PROBLEM TO SOLVE: Please copy out the entries below exactly, beginning with the line that contains "#62=CARTESIAN_POINT('',(0.,28.187336555683,-35.));" and ending with the line that contains "#74=CARTESIAN_POINT('',(0.,43.6375522175867,-35.));", and include nothing outside that span.

*** SUPPLIED INFORMATION Section Begins ***

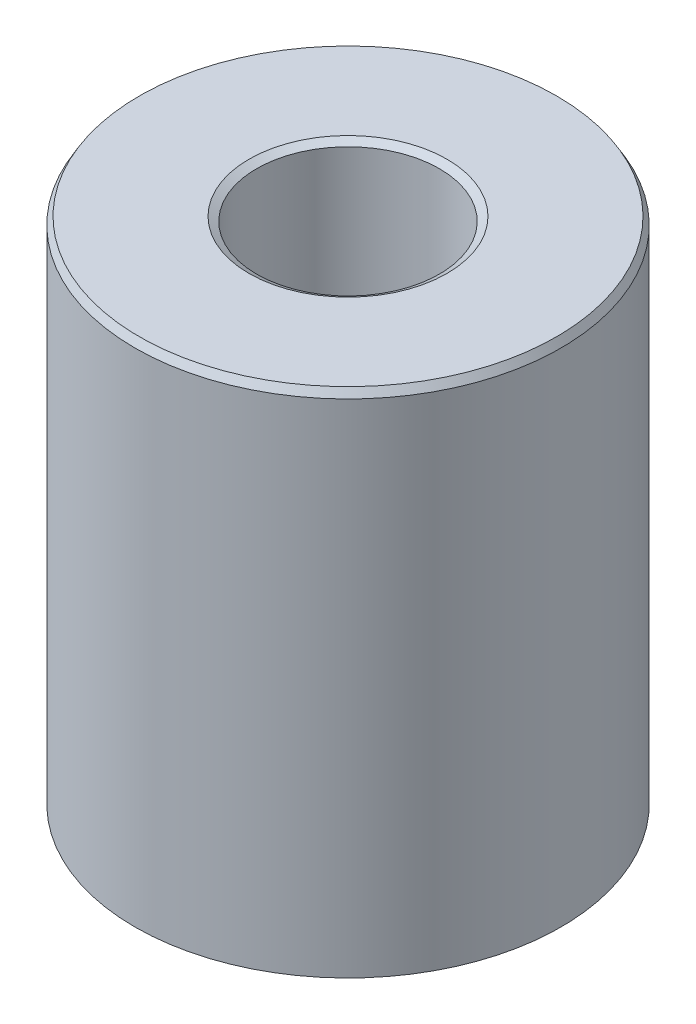
ISO-10303-21;
HEADER;
FILE_DESCRIPTION(('STEP AP214'),'2;1');
FILE_NAME('part.step','',(''),(''),'','','');
FILE_SCHEMA(('AUTOMOTIVE_DESIGN { 1 0 10303 214 1 1 1 1 }'));
ENDSEC;
DATA;
#1=APPLICATION_CONTEXT('core data for automotive mechanical design processes');
#2=APPLICATION_PROTOCOL_DEFINITION('international standard','automotive_design',2000,#1);
#3=PRODUCT_CONTEXT('',#1,'mechanical');
#4=PRODUCT('Part','Part','',(#3));
#5=PRODUCT_RELATED_PRODUCT_CATEGORY('part','',(#4));
#6=PRODUCT_DEFINITION_FORMATION('','',#4);
#7=PRODUCT_DEFINITION_CONTEXT('part definition',#1,'design');
#8=PRODUCT_DEFINITION('design','',#6,#7);
#9=PRODUCT_DEFINITION_SHAPE('','',#8);
#10=(LENGTH_UNIT() NAMED_UNIT(*) SI_UNIT(.MILLI.,.METRE.));
#11=(NAMED_UNIT(*) PLANE_ANGLE_UNIT() SI_UNIT($,.RADIAN.));
#12=(NAMED_UNIT(*) SI_UNIT($,.STERADIAN.) SOLID_ANGLE_UNIT());
#13=UNCERTAINTY_MEASURE_WITH_UNIT(LENGTH_MEASURE(1.E-05),#10,'distance_accuracy_value','');
#14=(GEOMETRIC_REPRESENTATION_CONTEXT(3) GLOBAL_UNCERTAINTY_ASSIGNED_CONTEXT((#13)) GLOBAL_UNIT_ASSIGNED_CONTEXT((#10,
#11,#12)) REPRESENTATION_CONTEXT('',''));
#15=CARTESIAN_POINT('',(0.,0.,0.));
#16=DIRECTION('',(0.,0.,1.));
#17=DIRECTION('',(1.,0.,0.));
#18=AXIS2_PLACEMENT_3D('',#15,#16,#17);
#19=CARTESIAN_POINT('',(0.,84.3690094837138,0.));
#20=DIRECTION('',(0.,-1.,0.));
#21=DIRECTION('',(0.,0.,-1.));
#22=AXIS2_PLACEMENT_3D('',#19,#20,#21);
#23=CYLINDRICAL_SURFACE('',#22,35.);
#24=CARTESIAN_POINT('',(0.,0.720286490076341,0.));
#25=DIRECTION('',(0.,1.,0.));
#26=DIRECTION('',(0.,0.,1.));
#27=AXIS2_PLACEMENT_3D('',#24,#25,#26);
#28=CIRCLE('',#27,35.);
#29=CARTESIAN_POINT('',(0.,0.720286490076327,-35.));
#30=VERTEX_POINT('',#29);
#31=EDGE_CURVE('E10',#30,#30,#28,.T.);
#32=CARTESIAN_POINT('',(0.,83.1214366868963,0.));
#33=DIRECTION('',(0.,1.,0.));
#34=DIRECTION('',(0.,0.,1.));
#35=AXIS2_PLACEMENT_3D('',#32,#33,#34);
#36=CIRCLE('',#35,35.);
#37=CARTESIAN_POINT('',(0.,83.1214366868962,-35.));
#38=VERTEX_POINT('',#37);
#39=EDGE_CURVE('E50',#38,#38,#36,.F.);
#40=CARTESIAN_POINT('',(0.,0.720286490076327,-35.));
#41=CARTESIAN_POINT('',(0.,1.57863180462653,-35.));
#42=CARTESIAN_POINT('',(0.,2.43697711917674,-35.));
#43=CARTESIAN_POINT('',(0.,4.15366774827715,-35.));
#44=CARTESIAN_POINT('',(0.,5.01201306282736,-35.));
#45=CARTESIAN_POINT('',(0.,6.72870369192778,-35.));
#46=CARTESIAN_POINT('',(0.,7.58704900647799,-35.));
#47=CARTESIAN_POINT('',(0.,9.30373963557841,-35.));
#48=CARTESIAN_POINT('',(0.,10.1620849501286,-35.));
#49=CARTESIAN_POINT('',(0.,11.878775579229,-35.));
#50=CARTESIAN_POINT('',(0.,12.7371208937792,-35.));
#51=CARTESIAN_POINT('',(0.,14.4538115228796,-35.));
#52=CARTESIAN_POINT('',(0.,15.3121568374299,-35.));
#53=CARTESIAN_POINT('',(0.,17.0288474665303,-35.));
#54=CARTESIAN_POINT('',(0.,17.8871927810805,-35.));
#55=CARTESIAN_POINT('',(0.,19.6038834101809,-35.));
#56=CARTESIAN_POINT('',(0.,20.4622287247311,-35.));
#57=CARTESIAN_POINT('',(0.,22.1789193538315,-35.));
#58=CARTESIAN_POINT('',(0.,23.0372646683817,-35.));
#59=CARTESIAN_POINT('',(0.,24.7539552974821,-35.));
#60=CARTESIAN_POINT('',(0.,25.6123006120323,-35.));
#61=CARTESIAN_POINT('',(0.,27.3289912411328,-35.));
#62=CARTESIAN_POINT('',(0.,28.187336555683,-35.));
#63=CARTESIAN_POINT('',(0.,29.9040271847834,-35.));
#64=CARTESIAN_POINT('',(0.,30.7623724993336,-35.));
#65=CARTESIAN_POINT('',(0.,32.479063128434,-35.));
#66=CARTESIAN_POINT('',(0.,33.3374084429842,-35.));
#67=CARTESIAN_POINT('',(0.,35.0540990720846,-35.));
#68=CARTESIAN_POINT('',(0.,35.9124443866348,-35.));
#69=CARTESIAN_POINT('',(0.,37.6291350157352,-35.));
#70=CARTESIAN_POINT('',(0.,38.4874803302855,-35.));
#71=CARTESIAN_POINT('',(0.,40.2041709593859,-35.));
#72=CARTESIAN_POINT('',(0.,41.0625162739361,-35.));
#73=CARTESIAN_POINT('',(0.,42.7792069030365,-35.));
#74=CARTESIAN_POINT('',(0.,43.6375522175867,-35.));
#75=CARTESIAN_POINT('',(0.,45.3542428466871,-35.));
#76=CARTESIAN_POINT('',(0.,46.2125881612373,-35.));
#77=CARTESIAN_POINT('',(0.,47.9292787903377,-35.));
#78=CARTESIAN_POINT('',(0.,48.7876241048879,-35.));
#79=CARTESIAN_POINT('',(0.,50.5043147339884,-35.));
#80=CARTESIAN_POINT('',(0.,51.3626600485386,-35.));
#81=CARTESIAN_POINT('',(0.,53.079350677639,-35.));
#82=CARTESIAN_POINT('',(0.,53.9376959921892,-35.));
#83=CARTESIAN_POINT('',(0.,55.6543866212896,-35.));
#84=CARTESIAN_POINT('',(0.,56.5127319358398,-35.));
#85=CARTESIAN_POINT('',(0.,58.2294225649402,-35.));
#86=CARTESIAN_POINT('',(0.,59.0877678794904,-35.));
#87=CARTESIAN_POINT('',(0.,60.8044585085908,-35.));
#88=CARTESIAN_POINT('',(0.,61.662803823141,-35.));
#89=CARTESIAN_POINT('',(0.,63.3794944522415,-35.));
#90=CARTESIAN_POINT('',(0.,64.2378397667917,-35.));
#91=CARTESIAN_POINT('',(0.,65.9545303958921,-35.));
#92=CARTESIAN_POINT('',(0.,66.8128757104423,-35.));
#93=CARTESIAN_POINT('',(0.,68.5295663395427,-35.));
#94=CARTESIAN_POINT('',(0.,69.3879116540929,-35.));
#95=CARTESIAN_POINT('',(0.,71.1046022831933,-35.));
#96=CARTESIAN_POINT('',(0.,71.9629475977436,-35.));
#97=CARTESIAN_POINT('',(0.,73.6796382268439,-35.));
#98=CARTESIAN_POINT('',(0.,74.5379835413942,-35.));
#99=CARTESIAN_POINT('',(0.,76.2546741704946,-35.));
#100=CARTESIAN_POINT('',(0.,77.1130194850448,-35.));
#101=CARTESIAN_POINT('',(0.,78.8297101141452,-35.));
#102=CARTESIAN_POINT('',(0.,79.6880554286954,-35.));
#103=CARTESIAN_POINT('',(0.,81.4047460577958,-35.));
#104=CARTESIAN_POINT('',(0.,82.263091372346,-35.));
#105=CARTESIAN_POINT('',(0.,83.1214366868962,-35.));
#106=B_SPLINE_CURVE_WITH_KNOTS('',3,(#40,#41,#42,#43,#44,#45,#46,#47,#48,#49,#50,#51,#52,#53,
#54,#55,#56,#57,#58,#59,#60,#61,#62,#63,#64,#65,#66,#67,#68,#69,#70,#71,#72,#73,#74,#75,#76,#77,
#78,#79,#80,#81,#82,#83,#84,#85,#86,#87,#88,#89,#90,#91,#92,#93,#94,#95,#96,#97,#98,#99,#100,
#101,#102,#103,#104,#105),.UNSPECIFIED.,.F.,.F.,(4,2,2,2,2,2,2,2,2,2,2,2,2,2,2,2,2,2,2,2,2,2,2,
2,2,2,2,2,2,2,2,2,4),(0.,2.57503594365062,5.15007188730124,7.72510783095187,10.3001437746025,
12.8751797182531,15.4502156619037,18.0252516055544,20.600287549205,23.1753234928556,
25.7503594365062,28.3253953801568,30.9004313238075,33.4754672674581,36.0505032111087,
38.6255391547593,41.20057509841,43.7756110420606,46.3506469857112,48.9256829293618,
51.5007188730124,54.0757548166631,56.6507907603137,59.2258267039643,61.8008626476149,
64.3758985912656,66.9509345349162,69.5259704785668,72.1010064222174,74.676042365868,
77.2510783095187,79.8261142531693,82.4011501968199),.UNSPECIFIED.);
#107=EDGE_CURVE('BSEAM39',#30,#38,#106,.T.);
#108=ORIENTED_EDGE('',*,*,#31,.T.);
#109=ORIENTED_EDGE('',*,*,#39,.T.);
#110=ORIENTED_EDGE('',*,*,#107,.T.);
#111=ORIENTED_EDGE('',*,*,#107,.F.);
#112=EDGE_LOOP('',(#108,#110,#109,#111));
#113=FACE_BOUND('',#112,.T.);
#114=ADVANCED_FACE('F39',(#113),#23,.T.);
#115=CARTESIAN_POINT('',(0.,84.3690094837138,0.));
#116=DIRECTION('',(0.,1.,0.));
#117=DIRECTION('',(0.,0.,1.));
#118=AXIS2_PLACEMENT_3D('',#115,#116,#117);
#119=PLANE('',#118);
#120=CARTESIAN_POINT('',(0.,84.3690094837138,0.));
#121=DIRECTION('',(0.,1.,0.));
#122=DIRECTION('',(0.,0.,1.));
#123=AXIS2_PLACEMENT_3D('',#120,#121,#122);
#124=CIRCLE('',#123,16.2672913488029);
#125=CARTESIAN_POINT('',(0.,84.3690094837138,16.2672913488029));
#126=VERTEX_POINT('',#125);
#127=EDGE_CURVE('E58',#126,#126,#124,.F.);
#128=ORIENTED_EDGE('',*,*,#127,.T.);
#129=EDGE_LOOP('',(#128));
#130=FACE_BOUND('',#129,.T.);
#131=CARTESIAN_POINT('',(0.,84.3690094837138,0.));
#132=DIRECTION('',(0.,1.,0.));
#133=DIRECTION('',(0.,0.,1.));
#134=AXIS2_PLACEMENT_3D('',#131,#132,#133);
#135=CIRCLE('',#134,34.2797135099238);
#136=CARTESIAN_POINT('',(0.,84.3690094837138,-34.2797135099238));
#137=VERTEX_POINT('',#136);
#138=EDGE_CURVE('E61',#137,#137,#135,.T.);
#139=ORIENTED_EDGE('',*,*,#138,.T.);
#140=EDGE_LOOP('',(#139));
#141=FACE_BOUND('',#140,.T.);
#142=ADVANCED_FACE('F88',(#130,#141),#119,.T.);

*** SUPPLIED INFORMATION Section Ends ***

SOLUTION TO THIS EXERCISE:
#62=CARTESIAN_POINT('',(0.,28.187336555683,-35.));
#63=CARTESIAN_POINT('',(0.,29.9040271847834,-35.));
#64=CARTESIAN_POINT('',(0.,30.7623724993336,-35.));
#65=CARTESIAN_POINT('',(0.,32.479063128434,-35.));
#66=CARTESIAN_POINT('',(0.,33.3374084429842,-35.));
#67=CARTESIAN_POINT('',(0.,35.0540990720846,-35.));
#68=CARTESIAN_POINT('',(0.,35.9124443866348,-35.));
#69=CARTESIAN_POINT('',(0.,37.6291350157352,-35.));
#70=CARTESIAN_POINT('',(0.,38.4874803302855,-35.));
#71=CARTESIAN_POINT('',(0.,40.2041709593859,-35.));
#72=CARTESIAN_POINT('',(0.,41.0625162739361,-35.));
#73=CARTESIAN_POINT('',(0.,42.7792069030365,-35.));
#74=CARTESIAN_POINT('',(0.,43.6375522175867,-35.));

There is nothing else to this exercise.